Data-Driven Distributionally Robust Mixed-Integer Control through Lifted Control Policy

TL;DR

This paper introduces a novel data-driven control policy for uncertain linear systems that improves computational efficiency and solution quality in distributionally robust mixed-integer control problems using Wasserstein metric-based ambiguity sets.

Contribution

The paper proposes the DR-LCP method, a new lifted control policy that provides high-quality approximate solutions for distributionally robust mixed-integer control with theoretical performance guarantees.

Findings

DR-LCP outperforms existing methods in numerical experiments.

Theoretical analysis shows tight non-asymptotic bounds.

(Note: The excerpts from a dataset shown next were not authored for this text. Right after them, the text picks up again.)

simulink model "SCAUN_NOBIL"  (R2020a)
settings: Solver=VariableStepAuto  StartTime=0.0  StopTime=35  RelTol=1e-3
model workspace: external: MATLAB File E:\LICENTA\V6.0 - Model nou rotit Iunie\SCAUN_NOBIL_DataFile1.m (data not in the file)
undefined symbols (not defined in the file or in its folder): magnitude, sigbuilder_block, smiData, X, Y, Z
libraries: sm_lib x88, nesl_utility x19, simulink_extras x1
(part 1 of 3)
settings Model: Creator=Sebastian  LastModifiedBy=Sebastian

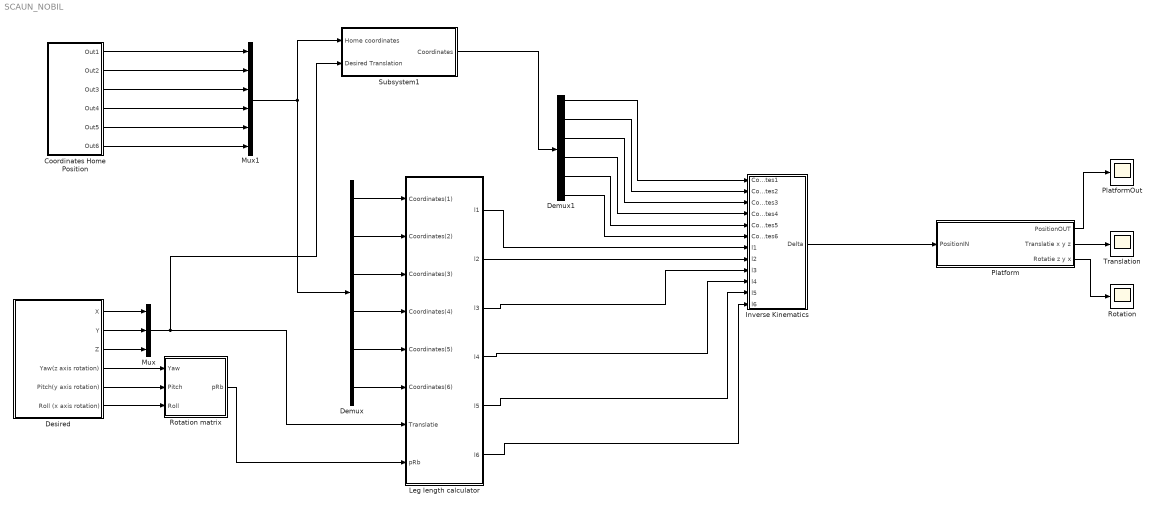
== system SCAUN_NOBIL ==
  Coordinates Home Position : Subsystem  TreatAsAtomicUnit=on
  Demux : Demux  Outputs=6
  Demux1 : Demux  Outputs=6
  Desired : Subsystem
  Inverse Kinematics : Subsystem
  Leg length calculator : Subsystem
  Mux : Mux  Inputs=3
  Mux1 : Mux  Inputs=6
  Platform : Subsystem
  PlatformOut : Scope
  Rotation : Scope
  Rotation matrix : Subsystem
  Subsystem1 : Subsystem
  Translation : Scope
  wires:
  Leg length calculator/6(l6) -> Inverse Kinematics/12(l6)
  Rotation matrix/1(pRb) -> Leg length calculator/8(pRb)
  Desired/2(Y) -> Mux/2
  Subsystem1/1(Coordinates) -> Demux1/1
  Inverse Kinematics/1(Delta) -> Platform/1(PositionIN)
  Platform/1(PositionOUT) -> PlatformOut/1
  Leg length calculator/5(l5) -> Inverse Kinematics/11(l5)
  Leg length calculator/4(l4) -> Inverse Kinematics/10(l4)
  Leg length calculator/3(l3) -> Inverse Kinematics/9(l3)
  Mux1/1 -> Demux/1, Subsystem1/1(Home coordinates)
  Desired/5(Pitch(y axis rotation)) -> Rotation matrix/2(Pitch)
  Coordinates Home Position/3(Out3) -> Mux1/3
  Coordinates Home Position/2(Out2) -> Mux1/2
  Demux1/4 -> Inverse Kinematics/4(Coordinates4)
  Platform/3(Rotatie z y x) -> Rotation/1
  Mux/1 -> Subsystem1/2(Desired Translation), Leg length calculator/7(Translatie)
  Desired/6(Roll (x axis rotation)) -> Rotation matrix/3(Roll)
  Leg length calculator/2(l2) -> Inverse Kinematics/8(l2)
  Coordinates Home Position/5(Out5) -> Mux1/5
  Leg length calculator/1(l1) -> Inverse Kinematics/7(l1)
  Demux/3 -> Leg length calculator/3(Coordinates(3))
  Demux1/5 -> Inverse Kinematics/5(Coordinates5)
  Coordinates Home Position/4(Out4) -> Mux1/4
  Demux/1 -> Leg length calculator/1(Coordinates(1))
  Demux1/1 -> Inverse Kinematics/1(Coordinates1)
  Coordinates Home Position/1(Out1) -> Mux1/1
  Platform/2(Translatie x y z) -> Translation/1
  Demux/5 -> Leg length calculator/5(Coordinates(5))
  Demux/6 -> Leg length calculator/6(Coordinates(6))
  Demux/2 -> Leg length calculator/2(Coordinates(2))
  Demux1/6 -> Inverse Kinematics/6(Coordinates6)
  Desired/1(X) -> Mux/1
  Demux1/2 -> Inverse Kinematics/2(Coordinates2)
  Demux1/3 -> Inverse Kinematics/3(Coordinates3)
  Desired/4(Yaw(z axis rotation)) -> Rotation matrix/1(Yaw)
  Demux/4 -> Leg length calculator/4(Coordinates(4))
  Desired/3(Z) -> Mux/3
  Coordinates Home Position/6(Out6) -> Mux1/6

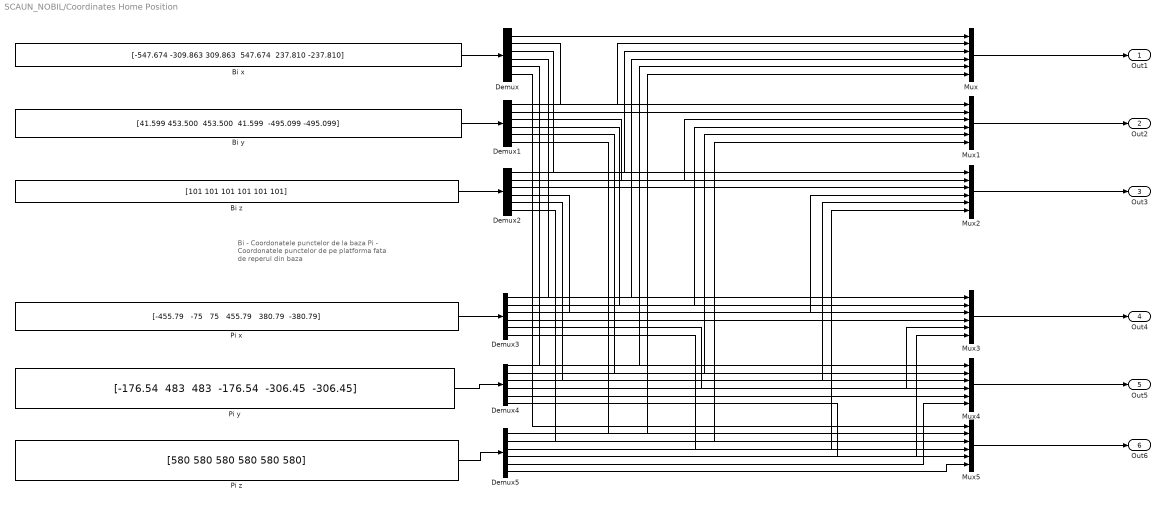
== system SCAUN_NOBIL/Coordinates Home Position ==
  note: Bi - Coordonatele punctelor de la baza
      | Pi - Coordonatele punctelor de pe platforma
      |       fata de reperul din baza
  Bi x : Constant  Value="[-547.674 -309.863 309.863  547.674  237.810 -237.810]"
  Bi y : Constant  Value="[41.599 453.500  453.500  41.599  -495.099 -495.099]"
  Bi z : Constant  Value=[101 101 101 101 101 101]
  Demux{,1..5} (6 alike) : Demux  Outputs=6
  Mux{,1..5} (6 alike) : Mux  Inputs=6
  Pi x : Constant  Value="[-455.79   -75   75   455.79   380.79  -380.79]"
  Pi y : Constant  Value="[-176.54  483  483  -176.54  -306.45  -306.45]"
  Pi z : Constant  Value=[580 580 580 580 580 580]
  Out1 : Outport
  Out2 : Outport  Port=2
  Out3 : Outport  Port=3
  Out4 : Outport  Port=4
  Out5 : Outport  Port=5
  Out6 : Outport  Port=6
  wires:
  Bi x/1 -> Demux/1
  Bi y/1 -> Demux1/1
  Bi z/1 -> Demux2/1
  Pi x/1 -> Demux3/1
  Pi y/1 -> Demux4/1
  Pi z/1 -> Demux5/1
  Demux/1 -> Mux/1
  Demux/2 -> Mux1/1
  Demux/3 -> Mux2/1
  Demux/4 -> Mux3/1
  Demux/5 -> Mux4/1
  Demux/6 -> Mux5/1
  Demux1/1 -> Mux/2
  Demux1/2 -> Mux1/2
  Demux1/3 -> Mux2/2
  Demux1/4 -> Mux3/2
  Demux1/5 -> Mux4/2
  Demux1/6 -> Mux5/2
  Demux2/1 -> Mux/3
  Demux2/2 -> Mux1/3
  Demux2/3 -> Mux2/3
  Demux2/4 -> Mux3/3
  Demux2/5 -> Mux4/3
  Demux2/6 -> Mux5/3
  Demux3/1 -> Mux/4
  Demux3/2 -> Mux1/4
  Demux3/3 -> Mux2/4
  Demux3/4 -> Mux3/4
  Demux3/5 -> Mux4/4
  Demux3/6 -> Mux5/4
  Demux4/1 -> Mux/5
  Demux4/2 -> Mux1/5
  Demux4/3 -> Mux2/5
  Demux4/4 -> Mux3/5
  Demux4/5 -> Mux4/5
  Demux4/6 -> Mux5/5
  Demux5/1 -> Mux/6
  Demux5/2 -> Mux1/6
  Demux5/3 -> Mux2/6
  Demux5/4 -> Mux3/6
  Demux5/5 -> Mux4/6
  Demux5/6 -> Mux5/6
  Mux/1 -> Out1/1
  Mux1/1 -> Out2/1
  Mux2/1 -> Out3/1
  Mux3/1 -> Out4/1
  Mux4/1 -> Out5/1
  Mux5/1 -> Out6/1

== system SCAUN_NOBIL/Desired ==
  MAX_IN : Subsystem  Tag=STV Subsys  LoadFcn=sigbuilder_block('load');  StartFcn=sigbuilder_block('start');  StopFcn=sigbuilder_block('stop');  ClipboardFcn=sigbuilder_block('clipboard');  mask(Sigbuilder block){tuvar=[0:10]}
      mask help: Simulink:masks:SigbuilderBlock_MD
      mask init:
      | if ~strcmp(get_param(bdroot(gcbh),'SimulationStatus'),'stopped') tuvar = sigbuilder_block('maskInit'); end
      settings: CopyFcn=sigbuilder_block('copy');  DeleteFcn=sigbuilder_block('delete');  ModelCloseFcn=sigbuilder_block('modelClose');  PreSaveFcn=sigbuilder_block('preSave');  PauseFcn=sigbuilder_block('pause');  ContinueFcn=sigbuilder_block('continue');  NameChangeFcn=sigbuilder_block('namechange');  OpenFcn=sigbuilder_block('open',[0.75 30.75 718.5 715.5 ]);  CloseFcn=sigbuilder_block('close');
      mask Display: plot(0, 0, 100, 100,[2, 2, 32, 32, 2], [68, 8, 8, 68, 68],[32, 2], [38, 38], [32, 19, 2],[53, 60, 44], [32, 17, 17, 2],[16, 16, 31, 31]);txt = getActiveGroup(gcbh);text(2, 100, txt,'verticalAlignment', 'top');
  X : Outport
  Y : Outport  Port=2
  Z : Outport  Port=3
  Yaw(z axis rotation) : Outport  Port=4
  Pitch(y axis rotation) : Outport  Port=5
  Roll (x axis rotation) : Outport  Port=6
  wires:
  MAX_IN/1(Signal X) -> X/1
  MAX_IN/3(Signal Z) -> Z/1
  MAX_IN/5(Signal Pitch) -> Pitch(y axis rotation)/1
  MAX_IN/6(Signal Roll) -> Roll (x axis rotation)/1
  MAX_IN/2(Signal Y) -> Y/1
  MAX_IN/4(Signal Yaw) -> Yaw(z axis rotation)/1

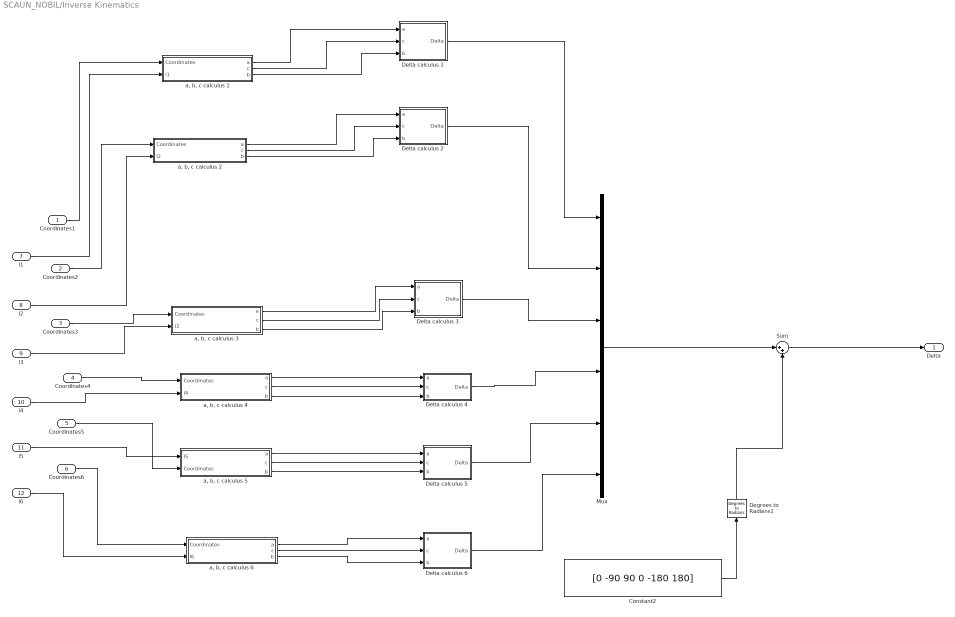
== system SCAUN_NOBIL/Inverse Kinematics ==
  Coordinates1 : Inport
  Coordinates2 : Inport  Port=2
  Coordinates3 : Inport  Port=3
  Coordinates4 : Inport  Port=4
  Coordinates5 : Inport  Port=5
  Coordinates6 : Inport  Port=6
  l1 : Inport  Port=7
  l2 : Inport  Port=8
  l3 : Inport  Port=9
  l4 : Inport  Port=10
  l5 : Inport  Port=11
  l6 : Inport  Port=12
  Constant2 : Constant  Value=[0 -90 90 0 -180 180]
  Degrees to Radians1 : simulink_extras/Transformations/Degrees to Radians
  Delta calculus 1 : Subsystem
  Delta calculus 2 : Subsystem
  Delta calculus 3 : Subsystem
  Delta calculus 4 : Subsystem
  Delta calculus 5 : Subsystem
  Delta calculus 6 : Subsystem
  Mux : Mux  Inputs=6
  Sum : Sum  Inputs=|++
  "a, b, c calculus 1" : Subsystem
  "a, b, c calculus 2" : Subsystem
  "a, b, c calculus 3" : Subsystem
  "a, b, c calculus 4" : Subsystem
  "a, b, c calculus 5" : Subsystem
  "a, b, c calculus 6" : Subsystem
  Delta : Outport
  wires:
  "a, b, c calculus 1"/2(c) -> Delta calculus 1/2(c)
  "a, b, c calculus 1"/1(a) -> Delta calculus 1/1(a)
  "a, b, c calculus 1"/3(b) -> Delta calculus 1/3(b)
  Delta calculus 1/1(Delta) -> Mux/1
  Delta calculus 2/1(Delta) -> Mux/2
  Delta calculus 5/1(Delta) -> Mux/5
  Delta calculus 6/1(Delta) -> Mux/6
  Delta calculus 4/1(Delta) -> Mux/4
  Delta calculus 3/1(Delta) -> Mux/3
  Mux/1 -> Sum/1
  l1/1 -> "a, b, c calculus 1"/2(l1)
  l2/1 -> "a, b, c calculus 2"/2(l2)
  l3/1 -> "a, b, c calculus 3"/2(l3)
  l4/1 -> "a, b, c calculus 4"/2(l4)
  l5/1 -> "a, b, c calculus 5"/1(l5)
  l6/1 -> "a, b, c calculus 6"/2(l6)
  "a, b, c calculus 2"/1(a) -> Delta calculus 2/1(a)
  "a, b, c calculus 2"/2(c) -> Delta calculus 2/2(c)
  "a, b, c calculus 2"/3(b) -> Delta calculus 2/3(b)
  "a, b, c calculus 3"/1(a) -> Delta calculus 3/1(a)
  "a, b, c calculus 3"/2(c) -> Delta calculus 3/2(c)
  "a, b, c calculus 3"/3(b) -> Delta calculus 3/3(b)
  "a, b, c calculus 4"/1(a) -> Delta calculus 4/1(a)
  "a, b, c calculus 4"/2(c) -> Delta calculus 4/2(c)
  "a, b, c calculus 4"/3(b) -> Delta calculus 4/3(b)
  "a, b, c calculus 5"/1(a) -> Delta calculus 5/1(a)
  "a, b, c calculus 5"/2(c) -> Delta calculus 5/2(c)
  "a, b, c calculus 5"/3(b) -> Delta calculus 5/3(b)
  "a, b, c calculus 6"/1(a) -> Delta calculus 6/1(a)
  "a, b, c calculus 6"/2(c) -> Delta calculus 6/2(c)
  "a, b, c calculus 6"/3(b) -> Delta calculus 6/3(b)
  Coordinates1/1 -> "a, b, c calculus 1"/1(Coordinates)
  Coordinates2/1 -> "a, b, c calculus 2"/1(Coordinates)
  Coordinates3/1 -> "a, b, c calculus 3"/1(Coordinates)
  Coordinates4/1 -> "a, b, c calculus 4"/1(Coordinates)
  Coordinates5/1 -> "a, b, c calculus 5"/2(Coordinates)
  Coordinates6/1 -> "a, b, c calculus 6"/1(Coordinates)
  Sum/1 -> Delta/1
  Degrees to Radians1/1 -> Sum/2
  Constant2/1 -> Degrees to Radians1/1

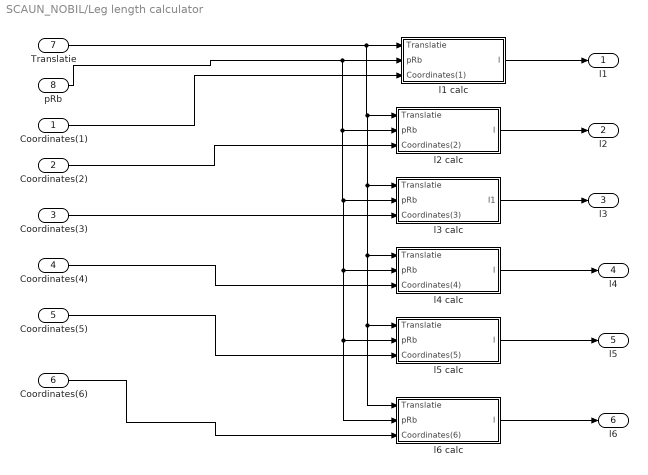
== system SCAUN_NOBIL/Leg length calculator ==
  Coordinates(1) : Inport
  Coordinates(2) : Inport  Port=2
  Coordinates(3) : Inport  Port=3
  Coordinates(4) : Inport  Port=4
  Coordinates(5) : Inport  Port=5
  Coordinates(6) : Inport  Port=6
  Translatie : Inport  Port=7
  pRb : Inport  Port=8
  l1 calc : Subsystem
  l2 calc : Subsystem
  l3 calc : Subsystem
  l4 calc : Subsystem
  l5 calc : Subsystem
  l6 calc : Subsystem
  l1 : Outport
  l2 : Outport  Port=2
  l3 : Outport  Port=3
  l4 : Outport  Port=4
  l5 : Outport  Port=5
  l6 : Outport  Port=6
  wires:
  Coordinates(3)/1 -> l3 calc/3(Coordinates(3))
  Coordinates(6)/1 -> l6 calc/3(Coordinates(6))
  l1 calc/1(l) -> l1/1
  Coordinates(1)/1 -> l1 calc/3(Coordinates(1))
  pRb/1 -> l6 calc/2(pRb), l5 calc/2(pRb), l4 calc/2(pRb), l3 calc/2(pRb), l2 calc/2(pRb), l1 calc/2(pRb)
  Translatie/1 -> l6 calc/1(Translatie), l5 calc/1(Translatie), l4 calc/1(Translatie), l3 calc/1(Translatie), l2 calc/1(Translatie), l1 calc/1(Translatie)
  Coordinates(2)/1 -> l2 calc/3(Coordinates(2))
  l2 calc/1(l) -> l2/1
  Coordinates(5)/1 -> l5 calc/3(Coordinates(5))
  l5 calc/1(l) -> l5/1
  l6 calc/1(l) -> l6/1
  l4 calc/1(l) -> l4/1
  Coordinates(4)/1 -> l4 calc/3(Coordinates(4))
  l3 calc/1(l1) -> l3/1

== system SCAUN_NOBIL/Platform ==
  PositionIN : Inport
  Demux : Demux  Outputs=6
  Mux1 : Mux  Inputs=6
  Stewart Platform : Subsystem
  PositionOUT : Outport
  Translatie x y z : Outport  Port=2
  Rotatie z y x : Outport  Port=3
  wires:
  Stewart Platform/8(Rotatie z y x) -> Rotatie z y x/1
  Stewart Platform/6(Out5) -> Mux1/6
  Stewart Platform/5(Out4) -> Mux1/5
  Stewart Platform/3(Out2) -> Mux1/3
  Stewart Platform/7(Translatie x y z) -> Translatie x y z/1
  Demux/4 -> Stewart Platform/4(Inport)
  Demux/6 -> Stewart Platform/6(Inport2)
  PositionIN/1 -> Demux/1
  Demux/5 -> Stewart Platform/5(Inport1)
  Demux/3 -> Stewart Platform/3(Inport5)
  Stewart Platform/4(Out3) -> Mux1/4
  Mux1/1 -> PositionOUT/1
  Stewart Platform/2(Out1) -> Mux1/2
  Stewart Platform/1(Out6) -> Mux1/1
  Demux/1 -> Stewart Platform/1(Inport3)
  Demux/2 -> Stewart Platform/2(Inport4)

== system SCAUN_NOBIL/Rotation matrix ==
  Yaw : Inport
  Pitch : Inport  Port=2
  Roll : Inport  Port=3
  MATLAB Function : MATLAB Function  TreatAsAtomicUnit=on
  pRb : Outport
  wires:
  Yaw/1 -> MATLAB Function/1(yaw)
  Pitch/1 -> MATLAB Function/2(pitch)
  Roll/1 -> MATLAB Function/3(roll)
  MATLAB Function/1(y) -> pRb/1

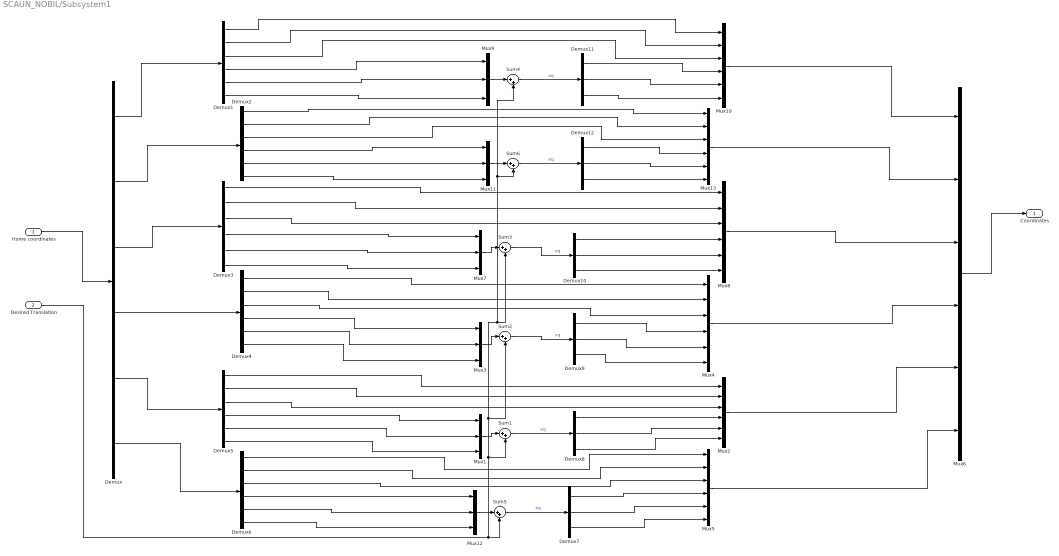
== system SCAUN_NOBIL/Subsystem1 ==
  Home coordinates : Inport
  Desired Translation : Inport  Port=2
  Demux{,1..6} (7 alike) : Demux  Outputs=6
  Demux{7..12} (6 alike) : Demux  Outputs=3
  Mux{1,3,7,9,11..12} (6 alike) : Mux  Inputs=3
  Mux{2,4..6,8,10,13} (7 alike) : Mux  Inputs=6
  Sum{1..6} (6 alike) : Sum  Inputs=|++
  Coordinates : Outport
  wires:
  Home coordinates/1 -> Demux/1
  Demux/1 -> Demux1/1
  Demux/2 -> Demux2/1
  Demux/3 -> Demux3/1
  Demux/4 -> Demux4/1
  Demux/5 -> Demux5/1
  Demux/6 -> Demux6/1
  Demux6/2 -> Mux5/2
  Demux6/3 -> Mux5/3
  Demux6/1 -> Mux5/1
  Sum5/1 -> Demux7/1  "xq"
  Demux6/4 -> Mux12/1
  Demux7/2 -> Mux5/5
  Demux7/1 -> Mux5/4
  Demux6/6 -> Mux12/3
  Mux12/1 -> Sum5/1
  Demux6/5 -> Mux12/2
  Demux7/3 -> Mux5/6
  Mux6/1 -> Coordinates/1
  Mux5/1 -> Mux6/6
  Demux8/1 -> Mux2/4
  Sum1/1 -> Demux8/1  "xq"
  Mux1/1 -> Sum1/1
  Demux8/2 -> Mux2/5
  Demux8/3 -> Mux2/6
  Mux2/1 -> Mux6/5
  Demux5/1 -> Mux2/1
  Demux5/2 -> Mux2/2
  Demux5/3 -> Mux2/3
  Demux5/4 -> Mux1/1
  Demux5/5 -> Mux1/2
  Demux5/6 -> Mux1/3
  Demux9/3 -> Mux4/6
  Demux9/2 -> Mux4/5
  Mux3/1 -> Sum2/1
  Demux4/5 -> Mux3/2
  Demux9/1 -> Mux4/4
  Demux4/6 -> Mux3/3
  Demux4/1 -> Mux4/1
  Demux4/2 -> Mux4/2
  Demux4/3 -> Mux4/3
  Demux4/4 -> Mux3/1
  Sum2/1 -> Demux9/1  "xq"
  Mux4/1 -> Mux6/4
  Demux10/3 -> Mux8/6
  Demux10/2 -> Mux8/5
  Mux7/1 -> Sum3/1
  Demux3/5 -> Mux7/2
  Demux10/1 -> Mux8/4
  Demux3/6 -> Mux7/3
  Demux3/1 -> Mux8/1
  Demux3/2 -> Mux8/2
  Demux3/3 -> Mux8/3
  Demux3/4 -> Mux7/1
  Sum3/1 -> Demux10/1  "xq"
  Mux8/1 -> Mux6/3
  Demux12/3 -> Mux13/6
  Demux12/2 -> Mux13/5
  Mux11/1 -> Sum6/1
  Demux2/5 -> Mux11/2
  Demux12/1 -> Mux13/4
  Demux2/6 -> Mux11/3
  Demux2/1 -> Mux13/1
  Demux2/2 -> Mux13/2
  Demux2/3 -> Mux13/3
  Demux2/4 -> Mux11/1
  Sum6/1 -> Demux12/1  "xq"
  Mux13/1 -> Mux6/2
  Demux11/3 -> Mux10/6
  Demux11/2 -> Mux10/5
  Mux9/1 -> Sum4/1
  Demux1/5 -> Mux9/2
  Demux11/1 -> Mux10/4
  Demux1/6 -> Mux9/3
  Demux1/1 -> Mux10/1
  Demux1/2 -> Mux10/2
  Demux1/3 -> Mux10/3
  Demux1/4 -> Mux9/1
  Sum4/1 -> Demux11/1  "xq"
  Mux10/1 -> Mux6/1
  Desired Translation/1 -> Sum5/2, Sum3/2, Sum4/2, Sum6/2, Sum2/2, Sum1/2

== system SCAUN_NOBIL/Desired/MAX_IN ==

Method applies to a broad class of Wasserstein ambiguity sets.

Abstract

This paper investigates the finite-horizon distributionally robust mixed-integer control (DRMIC) of uncertain linear systems. However, deriving an optimal causal feedback control policy to this DRMIC problem is computationally formidable for most ambiguity sets. To address the computational challenge, we propose a novel distributionally robust lifted control policy (DR-LCP) method to derive a high-quality approximate solution to this DRMIC problem for a rich class of Wasserstein metric-based ambiguity sets, including the Wasserstein ambiguity set and its variants. In theory, we analyze the asymptotic performance and establish a tight non-asymptotic bound of the proposed method. In numerical experiments, the proposed DR-LCP method empirically demonstrates superior performance compared with existing methods in the literature.